**Try it:** In the data below, find each line containing the string "layer" and return it.

**Dataset records:**

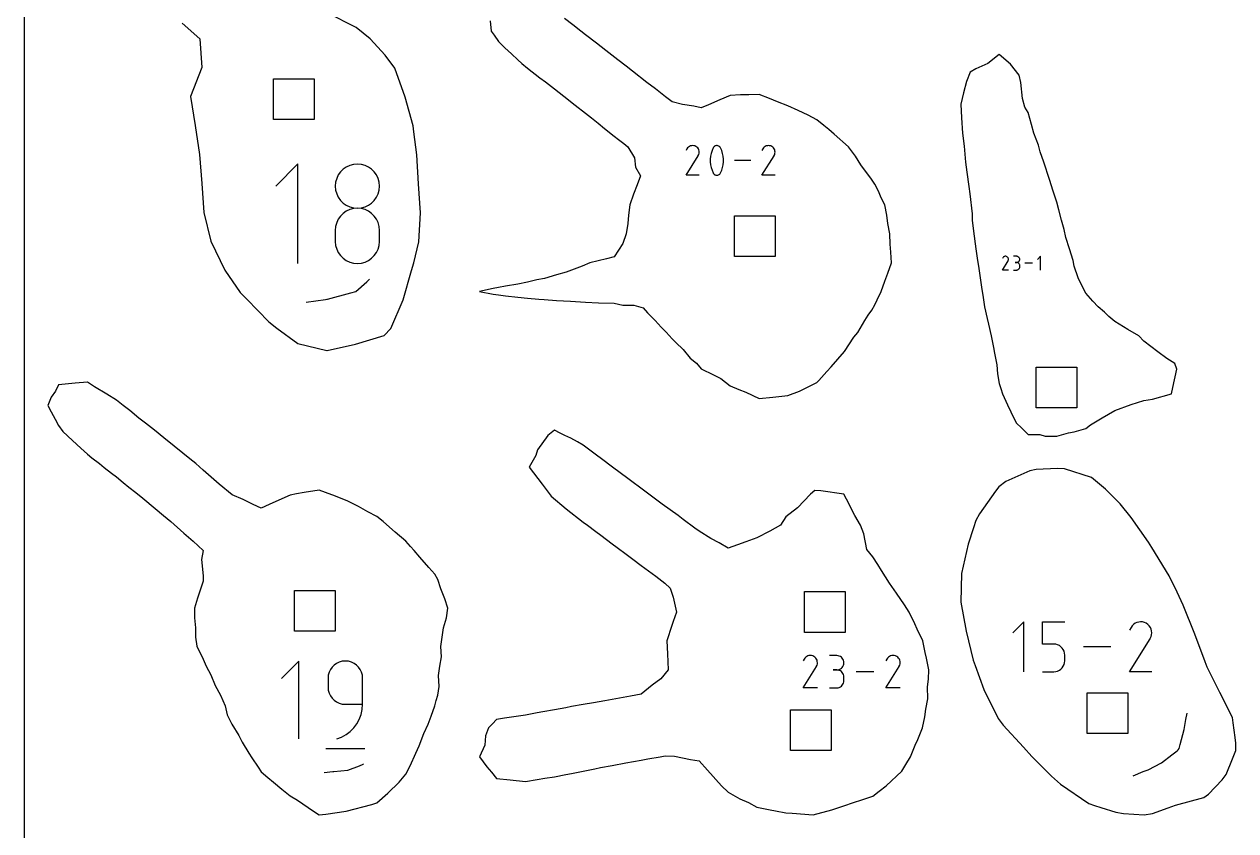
# Model space of a CAD drawing. Extents: x 0 to 12.2, y 0 to 12.
# Drawn here: x 0 to 4.762, y 4.791 to 7.96 of the extents above; entities that cross this region are included whole.
import ezdxf

# ---------------------------------------------------------------- set-up
doc = ezdxf.new("R2010")
doc.units = 0

msp = doc.modelspace()

# ---------------------------------------------------------------- linework, layer by layer
at = {"layer": 'annotation', "color": 1}
for p, q in [((2.610657, 7.47714), (2.60742, 7.473946)), ((2.614335, 7.479676), (2.610657, 7.47714)), ((2.618354, 7.481528), (2.614335, 7.479676)), ((2.622617, 7.482672), (2.618354, 7.481528)), ((2.627026, 7.483081), (2.622617, 7.482672)), ((2.631481, 7.48273), (2.627026, 7.483081)), ((2.635884, 7.481594), (2.631481, 7.48273)), ((2.640137, 7.479647), (2.635884, 7.481594)), ((2.643941, 7.476946), (2.640137, 7.479647)), ((2.640137, 7.479647), (2.640137, 7.479647)), ((2.647122, 7.473704), (2.643941, 7.476946)), ((2.711316, 7.478488), (2.70944, 7.476355)), ((2.7135, 7.48023), (2.711316, 7.478488)), ((2.71593, 7.481561), (2.7135, 7.48023)), ((2.718545, 7.48246), (2.71593, 7.481561)), ((2.721282, 7.482906), (2.718545, 7.48246)), ((2.724079, 7.48288), (2.721282, 7.482906)), ((2.726874, 7.482359), (2.724079, 7.48288)), ((2.729605, 7.481324), (2.726874, 7.482359)), ((2.730651, 7.480775), (2.729605, 7.481324)), ((2.729605, 7.481324), (2.729605, 7.481324)), ((2.731654, 7.480144), (2.730651, 7.480775)), ((2.73261, 7.479436), (2.731654, 7.480144)), ((2.733514, 7.478657), (2.73261, 7.479436)), ((2.734362, 7.477811), (2.733514, 7.478657)), ((2.735147, 7.476903), (2.734362, 7.477811)), ((2.735866, 7.475939), (2.735147, 7.476903)), ((2.908901, 7.47714), (2.905664, 7.473946)), ((2.912578, 7.479676), (2.908901, 7.47714)), ((2.916598, 7.481528), (2.912578, 7.479676)), ((2.920861, 7.482672), (2.916598, 7.481528)), ((2.925269, 7.483081), (2.920861, 7.482672)), ((2.929724, 7.48273), (2.925269, 7.483081)), ((2.934128, 7.481594), (2.929724, 7.48273)), ((2.938381, 7.479647), (2.934128, 7.481594)), ((2.942185, 7.476946), (2.938381, 7.479647)), ((2.938381, 7.479647), (2.938381, 7.479647)), ((2.945366, 7.473704), (2.942185, 7.476946)), ((2.60125, 7.366501), (2.649093, 7.443523)), ((2.604722, 7.470121), (2.601323, 7.463599)), ((2.60742, 7.473946), (2.604722, 7.470121)), ((2.649651, 7.470022), (2.647122, 7.473704)), ((2.649093, 7.443523), (2.649151, 7.443594)), ((2.649093, 7.443523), (2.649093, 7.443523)), ((2.649151, 7.443594), (2.649206, 7.443665)), ((2.649206, 7.443665), (2.649258, 7.443738)), ((2.649258, 7.443738), (2.64931, 7.443812)), ((2.64931, 7.443812), (2.64936, 7.443889)), ((2.64936, 7.443889), (2.649409, 7.443968)), ((2.649409, 7.443968), (2.649457, 7.444052)), ((2.649457, 7.444052), (2.649506, 7.44414)), ((2.649506, 7.44414), (2.649554, 7.444232)), ((2.649554, 7.444232), (2.65153, 7.448473)), ((2.649554, 7.444232), (2.649554, 7.444232)), ((2.6515, 7.465998), (2.649651, 7.470022)), ((2.65264, 7.461732), (2.6515, 7.465998)), ((2.65153, 7.448473), (2.652684, 7.45287)), ((2.653044, 7.457323), (2.65264, 7.461732)), ((2.652684, 7.45287), (2.653044, 7.457323)), ((2.69788, 7.441497), (2.696763, 7.430332)), ((2.696763, 7.430332), (2.696763, 7.419121)), ((2.700115, 7.452529), (2.69788, 7.441497)), ((2.703466, 7.463343), (2.700115, 7.452529)), ((2.707935, 7.473853), (2.703466, 7.463343)), ((2.70944, 7.476355), (2.707935, 7.473853)), ((2.707935, 7.473853), (2.707935, 7.473853)), ((2.736514, 7.474923), (2.735866, 7.475939)), ((2.737085, 7.47386), (2.736514, 7.474923)), ((2.741575, 7.463329), (2.737085, 7.47386)), ((2.737085, 7.47386), (2.737085, 7.47386)), ((2.744943, 7.452499), (2.741575, 7.463329)), ((2.747189, 7.441455), (2.744943, 7.452499)), ((2.748311, 7.430285), (2.747189, 7.441455)), ((2.748311, 7.419074), (2.748311, 7.430285)), ((2.899493, 7.366501), (2.947337, 7.443523)), ((2.902966, 7.470121), (2.899567, 7.463599)), ((2.905664, 7.473946), (2.902966, 7.470121)), ((2.947895, 7.470022), (2.945366, 7.473704)), ((2.947337, 7.443523), (2.947394, 7.443594)), ((2.947337, 7.443523), (2.947337, 7.443523)), ((2.947394, 7.443594), (2.947449, 7.443665)), ((2.947449, 7.443665), (2.947502, 7.443738)), ((2.947502, 7.443738), (2.947553, 7.443812)), ((2.947553, 7.443812), (2.947603, 7.443889)), ((2.947603, 7.443889), (2.947652, 7.443968)), ((2.947652, 7.443968), (2.947701, 7.444052)), ((2.947701, 7.444052), (2.947749, 7.44414)), ((2.947749, 7.44414), (2.947798, 7.444232)), ((2.947798, 7.444232), (2.949773, 7.448473)), ((2.947798, 7.444232), (2.947798, 7.444232)), ((2.949744, 7.465998), (2.947895, 7.470022)), ((2.950884, 7.461732), (2.949744, 7.465998)), ((2.949773, 7.448473), (2.950927, 7.45287)), ((2.951288, 7.457323), (2.950884, 7.461732)), ((2.950927, 7.45287), (2.951288, 7.457323)), ((1.075984, 7.411158), (0.989031, 7.324182)), ((1.075984, 7.020033), (1.075984, 7.411158)), ((1.253565, 7.390234), (1.243092, 7.379769)), ((1.265689, 7.398807), (1.253565, 7.390234)), ((1.279217, 7.405237), (1.265689, 7.398807)), ((1.293903, 7.409278), (1.279217, 7.405237)), ((1.309498, 7.41068), (1.293903, 7.409278)), ((1.325093, 7.409278), (1.309498, 7.41068)), ((1.309498, 7.41068), (1.309498, 7.41068)), ((1.339778, 7.405237), (1.325093, 7.409278)), ((1.353306, 7.398807), (1.339778, 7.405237)), ((1.36543, 7.390234), (1.353306, 7.398807)), ((1.375903, 7.379769), (1.36543, 7.390234)), ((2.696763, 7.419121), (2.69788, 7.40795)), ((2.69788, 7.40795), (2.700115, 7.396905)), ((2.700115, 7.396905), (2.703466, 7.386073)), ((2.703466, 7.386073), (2.707935, 7.37554)), ((2.737085, 7.375548), (2.741575, 7.386059)), ((2.741575, 7.386059), (2.744943, 7.396875)), ((2.744943, 7.396875), (2.747189, 7.407908)), ((2.747189, 7.407908), (2.748311, 7.419074)), ((2.855777, 7.424793), (2.792032, 7.424793)), ((1.224045, 7.339501), (1.222643, 7.323949)), ((1.228085, 7.354154), (1.224045, 7.339501)), ((1.234516, 7.36766), (1.228085, 7.354154)), ((1.243092, 7.379769), (1.234516, 7.36766)), ((1.384479, 7.36766), (1.375903, 7.379769)), ((1.39091, 7.354154), (1.384479, 7.36766)), ((1.39495, 7.339501), (1.39091, 7.354154)), ((1.396352, 7.323949), (1.39495, 7.339501)), ((2.653027, 7.366501), (2.60125, 7.366501)), ((2.707935, 7.37554), (2.707935, 7.37554)), ((2.707935, 7.37554), (2.708504, 7.37448)), ((2.708504, 7.37448), (2.709147, 7.373469)), ((2.709147, 7.373469), (2.709861, 7.37251)), ((2.709861, 7.37251), (2.710642, 7.371608)), ((2.710642, 7.371608), (2.71149, 7.370764)), ((2.71149, 7.370764), (2.7124, 7.369982)), ((2.7124, 7.369982), (2.71337, 7.369266)), ((2.71337, 7.369266), (2.714398, 7.368617)), ((2.714398, 7.368617), (2.71548, 7.368039)), ((2.71548, 7.368039), (2.71548, 7.368039)), ((2.71548, 7.368039), (2.71819, 7.367026)), ((2.71819, 7.367026), (2.720969, 7.366523)), ((2.720969, 7.366523), (2.723754, 7.366509)), ((2.723754, 7.366509), (2.726483, 7.366964)), ((2.726483, 7.366964), (2.729093, 7.367866)), ((2.729093, 7.367866), (2.731521, 7.369197)), ((2.731521, 7.369197), (2.733704, 7.370934)), ((2.733704, 7.370934), (2.73558, 7.373058)), ((2.73558, 7.373058), (2.737085, 7.375548)), ((2.737085, 7.375548), (2.737085, 7.375548)), ((2.951271, 7.366501), (2.899493, 7.366501)), ((1.222643, 7.323949), (1.222643, 7.323949)), ((1.222643, 7.323949), (1.224046, 7.308324)), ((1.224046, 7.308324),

**Answer area:**
# ---------------------------------------------------------------- linework, layer by layer
at = {"layer": 'annotation', "color": 1}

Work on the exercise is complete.